How long do these batteries last? 


Sent from my iPhone using Tapatalk


----------



## Gazzacpt

moonunit said:


> How long do these batteries last?
> 
> 
> Sent from my iPhone using Tapatalk


You need to be more specific. 
If you mean how many charge cycles 300+ 
If you mean runtime it depends on the load and how you vape. There is no hard and fast rule on this.

Reactions: Agree 1


----------



## moonunit

@Gazzacpt fair enough. Say then how long do they last relative to a 18650 of the same brand with the same build used by the same vapor.


Sent from my iPhone using Tapatalk


----------



## Gazzacpt

moonunit said:


> @Gazzacpt fair enough. Say then how long do they last relative to a 18650 of the same brand with the same build used by the same vapor.
> 
> 
> Sent from my iPhone using Tapatalk


The amp ratings on 18350's are quite low. So you would use a 1ohm coil, nothing under 0.7.
Then you'll probably get less than a third or quater of the runtime of a 18650.
18350 is generally 700mah. 18650 average 2100 - 2500mah.

Reactions: Like 3 | Agree 1


----------



## M_Thre3

Gazzacpt said:


> The amp ratings on 18350's are quite low.
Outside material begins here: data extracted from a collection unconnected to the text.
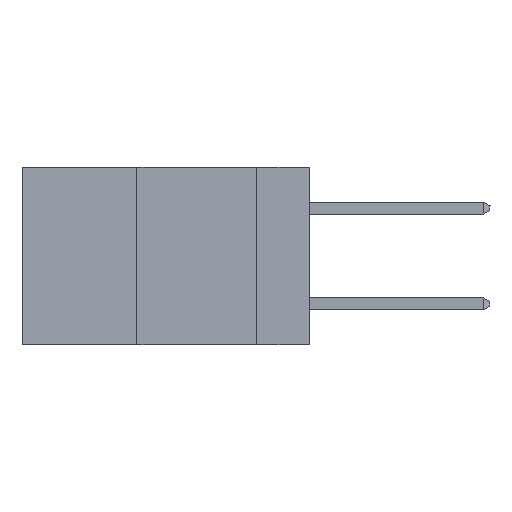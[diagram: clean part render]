
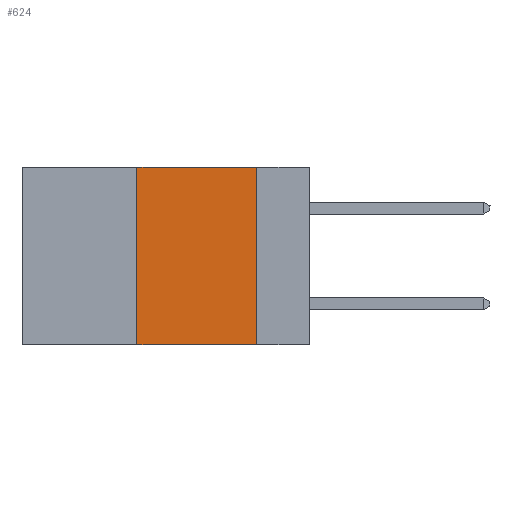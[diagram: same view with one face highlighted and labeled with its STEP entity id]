
A CAD part, left-side view. The second image highlights one B-rep face of the part: STEP entity #624.
In plain terms, the highlighted planar face has unit normal (-1, 0, 0).
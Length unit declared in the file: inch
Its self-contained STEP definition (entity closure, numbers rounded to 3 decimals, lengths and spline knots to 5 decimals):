
#193 = LINE ( 'NONE', #8239, #1046 ) ;
#606 = VECTOR ( 'NONE', #826, 39.37008 ) ;
#624 = ADVANCED_FACE ( 'NONE', ( #1282 ), #722, .F. ) ;
#722 = PLANE ( 'NONE',  #8079 ) ;
#826 = DIRECTION ( 'NONE',  ( 0., 0., 1. ) ) ;
#911 = DIRECTION ( 'NONE',  ( 1., 0., 0. ) ) ;
#924 = CARTESIAN_POINT ( 'NONE',  ( 0., 0.36, 0. ) ) ;
#1040 = CARTESIAN_POINT ( 'NONE',  ( 0., 0.11, -0.37 ) ) ;
#1046 = VECTOR ( 'NONE', #13851, 39.37008 ) ;
#1282 = FACE_OUTER_BOUND ( 'NONE', #2867, .T. ) ;
#1408 = ORIENTED_EDGE ( 'NONE', *, *, #13536, .F. ) ;
#2149 = DIRECTION ( 'NONE',  ( 0., -1., 0. ) ) ;
#2867 = EDGE_LOOP ( 'NONE', ( #1408, #12847, #3475, #13806 ) ) ;
#3350 = DIRECTION ( 'NONE',  ( 0., 0., -1. ) ) ;
#3421 = LINE ( 'NONE', #4496, #5532 ) ;
#3429 = DIRECTION ( 'NONE',  ( 0., 0., -1. ) ) ;
#3475 = ORIENTED_EDGE ( 'NONE', *, *, #11775, .F. ) ;
#3534 = EDGE_CURVE ( 'NONE', #5243, #12985, #193, .T. ) ;
#3832 = LINE ( 'NONE', #924, #606 ) ;
#4134 = CARTESIAN_POINT ( 'NONE',  ( 0., 0.6, 0. ) ) ;
#4496 = CARTESIAN_POINT ( 'NONE',  ( 0., 0.11, 0. ) ) ;
#4564 = EDGE_CURVE ( 'NONE', #13691, #7714, #7689, .T. ) ;
#5243 = VERTEX_POINT ( 'NONE', #13425 ) ;
#5532 = VECTOR ( 'NONE', #3429, 39.37008 ) ;
#7689 = LINE ( 'NONE', #13084, #12833 ) ;
#7714 = VERTEX_POINT ( 'NONE', #1040 ) ;
#8079 = AXIS2_PLACEMENT_3D ( 'NONE', #4134, #911, #3350 ) ;
#8239 = CARTESIAN_POINT ( 'NONE',  ( 0., 0.6, 0. ) ) ;
#11775 = EDGE_CURVE ( 'NONE', #13691, #5243, #3832, .T. ) ;
#12088 = CARTESIAN_POINT ( 'NONE',  ( 0., 0.11, 0. ) ) ;
#12833 = VECTOR ( 'NONE', #2149, 39.37008 ) ;
#12847 = ORIENTED_EDGE ( 'NONE', *, *, #3534, .F. ) ;
#12985 = VERTEX_POINT ( 'NONE', #12088 ) ;
#13084 = CARTESIAN_POINT ( 'NONE',  ( 0., 0.6, -0.37 ) ) ;
#13425 = CARTESIAN_POINT ( 'NONE',  ( 0., 0.36, 0. ) ) ;
#13444 = CARTESIAN_POINT ( 'NONE',  ( 0., 0.36, -0.37 ) ) ;
#13536 = EDGE_CURVE ( 'NONE', #12985, #7714, #3421, .T. ) ;
#13691 = VERTEX_POINT ( 'NONE', #13444 ) ;
#13806 = ORIENTED_EDGE ( 'NONE', *, *, #4564, .T. ) ;
#13851 = DIRECTION ( 'NONE',  ( 0., -1., 0. ) ) ;

So you would use a 1ohm coil, nothing under 0.7.
> Then you'll probably get less than a third or quater of the runtime of a 18650.
> 18350 is generally 700mah. 18650 average 2100 - 2500mah.


I got some vappower 18350's on the way. Rated at 750mAH. Gonna test and see how long I can get on a 0.8ohm build. Will report back soon  

Sent from my SM-N910F using Tapatalk


----------



## kev mac

moonunit said:


> How long do these batteries last?
> 
> 
> Sent from my iPhone using Tapatalk


They were not lasting long at all(5 hits ) but Johan and Gazzacts advice greatly improved the performance .'

Reactions: Like 2


----------



## M_Thre3

Remind me never to order from fast tech again. Still waiting on those batteries to do a good ol testin. 2 months is a ridiculous amount of time to wait for a package... 

Sent from my SM-N910F using Tapatalk


----------



## Gazzacpt

M_Thre3 said:


> Remind me never to order from fast tech again. Still waiting on those batteries to do a good ol testin. 2 months is a ridiculous amount of time to wait for a package...
> 
> Sent from my SM-N910F using Tapatalk


Batteries come by canoe. So its a loooooong wait but they get here eventually. Got some earlier this year.

Reactions: Like 1


----------



## kev mac

M_Thre3 said:


> Remind me never to order from fast tech again. Still waiting on those batteries to do a good ol testin. 2 months is a ridiculous amount of time to wait for a package...
> 
> Sent from my SM-N910F using Tapatalk


There's just no rhyme or reason w/ F.T. I've waited ages for orders but my last battery order arrived in a week.Go figure.

Reactions: Like 1


----------



## kev mac

Gazzacpt said:


> Batteries come by canoe. So its a loooooong wait but they get here eventually. Got some earlier this year.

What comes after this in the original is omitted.